Safe Non-Stochastic Control of Control-Affine Systems: An Online Convex Optimization Approach
Hongyu Zhou, Yichen Song, Vasileios Tzoumas
TL;DR
Safe-NSC tackles the problem of safely controlling nonlinear, control-affine systems under bounded non-stochastic disturbances with time-varying safety constraints. It introduces Safe-OGD, an online gradient-descent based algorithm that uses discrete-time control barrier functions to preserve safety while minimizing a convex loss, achieving bounded dynamic regret against a clairvoyant oracle. The framework extends to linear policy parameterizations and provides regret bounds that recover classical OCO results in time-invariant settings and converge to optimal linear controllers in static scenarios. Evaluation on an inverted pendulum and a cluttered quadrotor demonstrates safety guarantees and competitive tracking performance against strong baselines. This work advances real-time, provably safe autonomy under non-stochastic disturbances for nonlinear, control-affine systems, with practical implications for robust autonomous robotics.
Abstract
We study how to safely control nonlinear control-affine systems that are corrupted with bounded non-stochastic noise, i.e., noise that is unknown a priori and that is not necessarily governed by a stochastic model. We focus on safety constraints that take the form of time-varying convex constraints such as collision-avoidance and control-effort constraints. We provide an algorithm with bounded dynamic regret, i.e., bounded suboptimality against an optimal clairvoyant controller that knows the realization of the noise a prior. We are motivated by the future of autonomy where robots will autonomously perform complex tasks despite real-world unpredictable disturbances such as wind gusts.
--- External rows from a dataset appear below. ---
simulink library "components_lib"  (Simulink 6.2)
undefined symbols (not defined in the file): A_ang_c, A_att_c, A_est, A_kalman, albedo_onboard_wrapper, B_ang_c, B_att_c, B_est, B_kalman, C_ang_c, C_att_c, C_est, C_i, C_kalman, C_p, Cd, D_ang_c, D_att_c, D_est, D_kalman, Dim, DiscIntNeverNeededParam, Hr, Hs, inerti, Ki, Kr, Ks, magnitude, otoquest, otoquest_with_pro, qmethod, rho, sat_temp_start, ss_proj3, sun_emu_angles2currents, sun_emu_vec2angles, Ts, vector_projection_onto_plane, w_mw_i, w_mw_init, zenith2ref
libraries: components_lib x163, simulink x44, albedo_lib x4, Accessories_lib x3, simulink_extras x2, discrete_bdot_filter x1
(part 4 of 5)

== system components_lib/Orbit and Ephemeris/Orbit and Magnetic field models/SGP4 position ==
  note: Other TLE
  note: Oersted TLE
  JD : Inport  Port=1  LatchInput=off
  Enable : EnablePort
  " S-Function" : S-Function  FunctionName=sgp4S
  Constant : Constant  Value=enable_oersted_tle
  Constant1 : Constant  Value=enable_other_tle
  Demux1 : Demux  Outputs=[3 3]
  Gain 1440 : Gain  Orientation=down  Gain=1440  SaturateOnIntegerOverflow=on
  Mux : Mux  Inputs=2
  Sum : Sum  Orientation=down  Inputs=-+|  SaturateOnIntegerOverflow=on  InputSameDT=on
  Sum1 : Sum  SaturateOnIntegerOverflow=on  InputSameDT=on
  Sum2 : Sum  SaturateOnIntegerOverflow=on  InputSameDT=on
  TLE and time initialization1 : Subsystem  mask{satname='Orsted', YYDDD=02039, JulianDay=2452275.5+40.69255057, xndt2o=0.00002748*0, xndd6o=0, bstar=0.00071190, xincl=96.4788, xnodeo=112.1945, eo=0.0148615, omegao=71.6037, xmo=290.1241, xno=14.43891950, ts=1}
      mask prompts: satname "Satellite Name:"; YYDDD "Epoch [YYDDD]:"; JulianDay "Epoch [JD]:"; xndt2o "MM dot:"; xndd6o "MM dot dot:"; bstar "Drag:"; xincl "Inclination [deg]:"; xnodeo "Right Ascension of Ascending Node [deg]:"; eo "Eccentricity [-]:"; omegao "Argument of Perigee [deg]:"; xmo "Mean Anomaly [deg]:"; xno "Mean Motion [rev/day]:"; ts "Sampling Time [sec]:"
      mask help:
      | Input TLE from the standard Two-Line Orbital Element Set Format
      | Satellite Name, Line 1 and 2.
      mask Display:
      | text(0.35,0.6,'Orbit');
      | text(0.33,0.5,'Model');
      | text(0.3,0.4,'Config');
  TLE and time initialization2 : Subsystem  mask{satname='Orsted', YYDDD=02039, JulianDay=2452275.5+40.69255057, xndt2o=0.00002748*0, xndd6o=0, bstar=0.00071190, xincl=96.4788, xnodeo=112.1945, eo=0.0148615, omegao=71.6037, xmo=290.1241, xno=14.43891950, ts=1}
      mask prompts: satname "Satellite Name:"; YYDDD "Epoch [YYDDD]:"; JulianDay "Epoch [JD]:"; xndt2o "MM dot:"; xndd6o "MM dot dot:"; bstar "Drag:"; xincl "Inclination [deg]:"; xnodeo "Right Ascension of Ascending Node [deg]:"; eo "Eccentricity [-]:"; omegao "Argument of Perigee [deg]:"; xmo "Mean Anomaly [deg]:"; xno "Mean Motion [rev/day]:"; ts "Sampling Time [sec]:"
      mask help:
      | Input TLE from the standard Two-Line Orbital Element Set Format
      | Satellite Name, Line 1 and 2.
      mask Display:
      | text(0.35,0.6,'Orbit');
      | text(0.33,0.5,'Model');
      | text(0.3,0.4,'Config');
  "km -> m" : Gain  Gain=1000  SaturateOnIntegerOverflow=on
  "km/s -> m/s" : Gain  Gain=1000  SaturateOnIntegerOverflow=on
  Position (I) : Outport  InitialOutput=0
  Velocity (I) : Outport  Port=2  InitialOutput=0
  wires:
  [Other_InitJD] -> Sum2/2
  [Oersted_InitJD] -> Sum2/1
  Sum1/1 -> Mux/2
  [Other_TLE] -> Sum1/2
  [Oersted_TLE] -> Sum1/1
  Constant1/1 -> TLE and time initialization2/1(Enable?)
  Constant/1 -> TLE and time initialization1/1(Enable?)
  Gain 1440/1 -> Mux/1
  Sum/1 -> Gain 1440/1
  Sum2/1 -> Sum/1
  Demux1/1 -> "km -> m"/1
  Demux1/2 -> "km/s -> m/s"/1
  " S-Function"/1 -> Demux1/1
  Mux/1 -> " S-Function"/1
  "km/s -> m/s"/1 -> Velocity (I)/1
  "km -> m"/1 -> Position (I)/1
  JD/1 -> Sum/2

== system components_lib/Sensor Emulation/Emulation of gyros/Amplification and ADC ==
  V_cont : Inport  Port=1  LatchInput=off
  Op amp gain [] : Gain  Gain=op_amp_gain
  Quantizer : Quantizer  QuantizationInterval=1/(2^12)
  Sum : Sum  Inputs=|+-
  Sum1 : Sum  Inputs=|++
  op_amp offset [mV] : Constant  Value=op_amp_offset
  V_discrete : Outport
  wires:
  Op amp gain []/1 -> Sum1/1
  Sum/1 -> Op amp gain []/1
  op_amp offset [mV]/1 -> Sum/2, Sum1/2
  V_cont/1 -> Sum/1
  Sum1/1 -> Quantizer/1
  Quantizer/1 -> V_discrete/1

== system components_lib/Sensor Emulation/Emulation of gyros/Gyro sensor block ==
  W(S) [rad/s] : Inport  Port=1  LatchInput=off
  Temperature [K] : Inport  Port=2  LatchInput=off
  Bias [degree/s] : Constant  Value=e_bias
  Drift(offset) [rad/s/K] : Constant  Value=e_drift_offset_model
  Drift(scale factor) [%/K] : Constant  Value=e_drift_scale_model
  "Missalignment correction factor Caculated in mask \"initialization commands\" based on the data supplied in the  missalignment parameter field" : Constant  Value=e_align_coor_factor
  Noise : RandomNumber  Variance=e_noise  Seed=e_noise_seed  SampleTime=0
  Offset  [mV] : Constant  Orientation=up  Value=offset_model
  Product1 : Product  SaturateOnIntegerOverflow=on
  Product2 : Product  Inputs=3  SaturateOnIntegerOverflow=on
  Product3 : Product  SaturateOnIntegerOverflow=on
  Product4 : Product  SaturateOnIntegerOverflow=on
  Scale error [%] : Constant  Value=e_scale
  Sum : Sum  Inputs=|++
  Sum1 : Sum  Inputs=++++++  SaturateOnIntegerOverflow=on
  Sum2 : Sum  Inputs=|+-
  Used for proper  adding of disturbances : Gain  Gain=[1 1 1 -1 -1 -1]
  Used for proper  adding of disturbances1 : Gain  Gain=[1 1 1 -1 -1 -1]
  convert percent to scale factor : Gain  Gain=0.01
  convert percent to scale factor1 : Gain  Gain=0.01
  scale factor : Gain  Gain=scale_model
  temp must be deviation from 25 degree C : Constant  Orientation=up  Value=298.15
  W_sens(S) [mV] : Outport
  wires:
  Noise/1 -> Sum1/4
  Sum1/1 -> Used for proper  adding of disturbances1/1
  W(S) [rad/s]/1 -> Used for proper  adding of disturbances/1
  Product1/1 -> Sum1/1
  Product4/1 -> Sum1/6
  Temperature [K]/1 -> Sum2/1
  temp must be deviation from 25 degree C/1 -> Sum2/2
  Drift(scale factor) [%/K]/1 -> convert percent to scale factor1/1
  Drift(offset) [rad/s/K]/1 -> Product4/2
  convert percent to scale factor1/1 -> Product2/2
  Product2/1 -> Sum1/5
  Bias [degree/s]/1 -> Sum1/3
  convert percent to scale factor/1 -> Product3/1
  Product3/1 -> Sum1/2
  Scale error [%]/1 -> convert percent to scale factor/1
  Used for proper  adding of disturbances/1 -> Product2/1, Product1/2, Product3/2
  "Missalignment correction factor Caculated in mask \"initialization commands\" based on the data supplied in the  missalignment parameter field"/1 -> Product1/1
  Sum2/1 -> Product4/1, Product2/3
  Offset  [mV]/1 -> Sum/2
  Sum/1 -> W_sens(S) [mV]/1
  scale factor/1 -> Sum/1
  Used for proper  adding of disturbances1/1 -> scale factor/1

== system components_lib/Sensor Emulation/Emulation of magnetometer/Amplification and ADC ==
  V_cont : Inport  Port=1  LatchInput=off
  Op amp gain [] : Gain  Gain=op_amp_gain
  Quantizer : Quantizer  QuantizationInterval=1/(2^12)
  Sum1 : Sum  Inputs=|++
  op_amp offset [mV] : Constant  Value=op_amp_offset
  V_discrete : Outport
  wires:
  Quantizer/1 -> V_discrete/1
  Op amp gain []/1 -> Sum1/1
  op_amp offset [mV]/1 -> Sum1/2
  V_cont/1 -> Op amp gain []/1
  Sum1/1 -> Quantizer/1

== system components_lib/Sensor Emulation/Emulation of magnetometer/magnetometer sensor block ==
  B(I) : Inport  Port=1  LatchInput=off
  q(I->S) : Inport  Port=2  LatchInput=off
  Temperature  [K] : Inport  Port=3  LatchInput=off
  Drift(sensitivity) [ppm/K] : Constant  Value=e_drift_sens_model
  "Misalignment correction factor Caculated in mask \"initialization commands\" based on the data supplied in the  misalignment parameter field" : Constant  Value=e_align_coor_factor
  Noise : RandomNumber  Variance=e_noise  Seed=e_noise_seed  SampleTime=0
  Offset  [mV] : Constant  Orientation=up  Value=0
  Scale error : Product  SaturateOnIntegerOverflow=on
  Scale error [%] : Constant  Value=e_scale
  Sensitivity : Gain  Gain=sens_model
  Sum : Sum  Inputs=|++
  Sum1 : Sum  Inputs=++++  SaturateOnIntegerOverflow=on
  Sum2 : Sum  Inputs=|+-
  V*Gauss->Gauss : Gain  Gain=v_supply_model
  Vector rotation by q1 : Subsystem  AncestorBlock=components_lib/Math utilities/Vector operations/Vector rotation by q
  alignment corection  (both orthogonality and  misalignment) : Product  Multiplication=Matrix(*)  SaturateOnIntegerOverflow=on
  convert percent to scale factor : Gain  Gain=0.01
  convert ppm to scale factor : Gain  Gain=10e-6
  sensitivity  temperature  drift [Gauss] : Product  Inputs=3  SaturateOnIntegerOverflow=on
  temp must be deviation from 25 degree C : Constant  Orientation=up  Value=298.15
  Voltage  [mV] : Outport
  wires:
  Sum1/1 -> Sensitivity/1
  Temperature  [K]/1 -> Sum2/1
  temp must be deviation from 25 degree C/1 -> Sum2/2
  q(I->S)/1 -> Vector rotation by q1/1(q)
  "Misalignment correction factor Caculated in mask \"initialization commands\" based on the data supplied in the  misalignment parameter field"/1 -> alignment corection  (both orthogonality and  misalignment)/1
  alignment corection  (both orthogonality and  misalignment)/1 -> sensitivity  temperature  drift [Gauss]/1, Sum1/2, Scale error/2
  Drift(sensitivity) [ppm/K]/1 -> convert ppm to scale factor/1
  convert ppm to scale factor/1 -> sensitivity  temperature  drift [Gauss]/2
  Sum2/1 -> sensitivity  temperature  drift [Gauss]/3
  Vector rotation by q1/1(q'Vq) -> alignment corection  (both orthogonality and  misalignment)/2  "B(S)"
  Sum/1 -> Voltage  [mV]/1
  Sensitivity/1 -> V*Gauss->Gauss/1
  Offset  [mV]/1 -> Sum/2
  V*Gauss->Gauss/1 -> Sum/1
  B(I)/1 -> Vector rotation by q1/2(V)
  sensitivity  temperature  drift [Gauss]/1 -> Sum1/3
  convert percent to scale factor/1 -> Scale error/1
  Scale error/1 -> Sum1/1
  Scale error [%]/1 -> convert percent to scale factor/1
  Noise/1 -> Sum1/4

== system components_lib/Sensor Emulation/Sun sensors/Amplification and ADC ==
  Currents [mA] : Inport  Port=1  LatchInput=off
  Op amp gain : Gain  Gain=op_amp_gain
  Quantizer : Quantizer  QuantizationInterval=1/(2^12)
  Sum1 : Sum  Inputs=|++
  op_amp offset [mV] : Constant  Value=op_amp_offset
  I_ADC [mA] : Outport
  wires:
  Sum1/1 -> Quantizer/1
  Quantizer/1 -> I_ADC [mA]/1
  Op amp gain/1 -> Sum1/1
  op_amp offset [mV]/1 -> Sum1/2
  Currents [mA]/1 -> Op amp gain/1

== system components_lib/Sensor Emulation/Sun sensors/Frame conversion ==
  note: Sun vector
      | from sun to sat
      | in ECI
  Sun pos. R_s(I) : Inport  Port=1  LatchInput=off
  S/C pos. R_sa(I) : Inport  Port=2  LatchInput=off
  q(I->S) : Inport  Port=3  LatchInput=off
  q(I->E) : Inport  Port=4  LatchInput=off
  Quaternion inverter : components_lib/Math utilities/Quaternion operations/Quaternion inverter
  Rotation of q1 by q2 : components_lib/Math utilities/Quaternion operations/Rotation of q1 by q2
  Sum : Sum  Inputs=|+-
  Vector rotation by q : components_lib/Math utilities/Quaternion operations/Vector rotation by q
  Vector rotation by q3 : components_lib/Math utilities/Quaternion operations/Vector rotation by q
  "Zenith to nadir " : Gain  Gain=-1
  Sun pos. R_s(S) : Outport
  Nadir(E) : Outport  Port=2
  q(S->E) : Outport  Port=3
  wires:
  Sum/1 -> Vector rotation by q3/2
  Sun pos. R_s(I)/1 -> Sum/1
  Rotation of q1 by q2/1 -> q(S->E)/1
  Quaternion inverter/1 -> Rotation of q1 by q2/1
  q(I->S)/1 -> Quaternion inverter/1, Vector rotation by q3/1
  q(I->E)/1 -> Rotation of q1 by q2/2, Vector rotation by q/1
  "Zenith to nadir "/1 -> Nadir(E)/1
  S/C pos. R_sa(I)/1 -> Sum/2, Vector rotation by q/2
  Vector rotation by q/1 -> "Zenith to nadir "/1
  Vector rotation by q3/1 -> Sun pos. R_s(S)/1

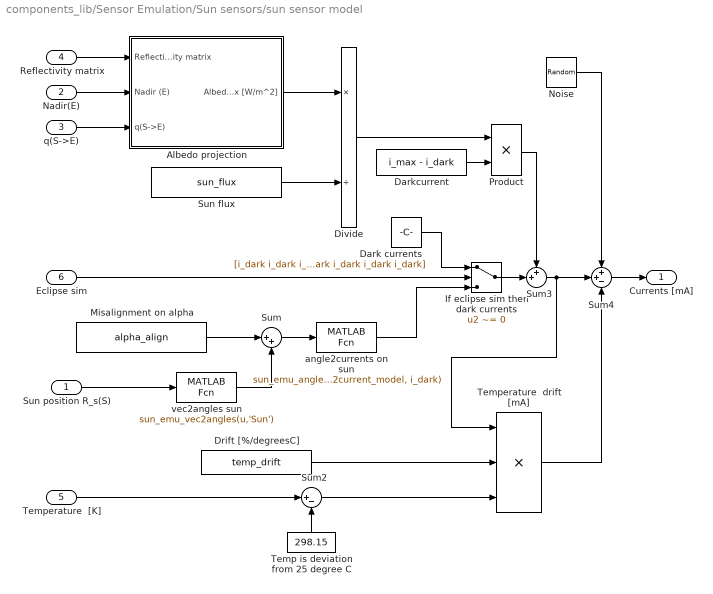
== system components_lib/Sensor Emulation/Sun sensors/sun sensor model ==
  Sun position R_s(S) : Inport  Port=1  LatchInput=off
  Nadir(E) : Inport  Port=2  LatchInput=off
  q(S->E) : Inport  Port=3  LatchInput=off
  Reflectivity matrix : Inport  Port=4  LatchInput=off
  Temperature  [K] : Inport  Port=5  LatchInput=off
  Eclipse sim : Inport  Port=6  PortDimensions=1  LatchInput=off
  Albedo projection : Subsystem
  Dark currents : Constant  Value=[i_dark i_dark i_dark i_dark i_dark i_dark]
  Darkcurrent : Constant  Value=i_max - i_dark
  Divide : Product  Inputs=*/  OutScaling=2^-10
  Drift [%/degreesC] : Constant  Value=temp_drift
  If eclipse sim then dark currents : Switch  Criteria=u2 ~= 0
  Misalignment on alpha : Constant  Value=alpha_align
  Noise : RandomNumber  Variance=sigma_noise^2  Seed=noise_seed  SampleTime=0
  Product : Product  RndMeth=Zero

To develop the algorithm, we capture our problem as a sequential game between a controller and an adversary, where the controller plays first, choosing the control input, whereas the adversary plays second, choosing the noise's realization. The controller aims to minimize its cumulative tracking error despite being unable to know the noise's realization a prior. We validate our algorithm in simulated scenarios of (i) an inverted pendulum aiming to stay upright, and (ii) a quadrotor aiming to fly to a goal location through an unknown cluttered environment.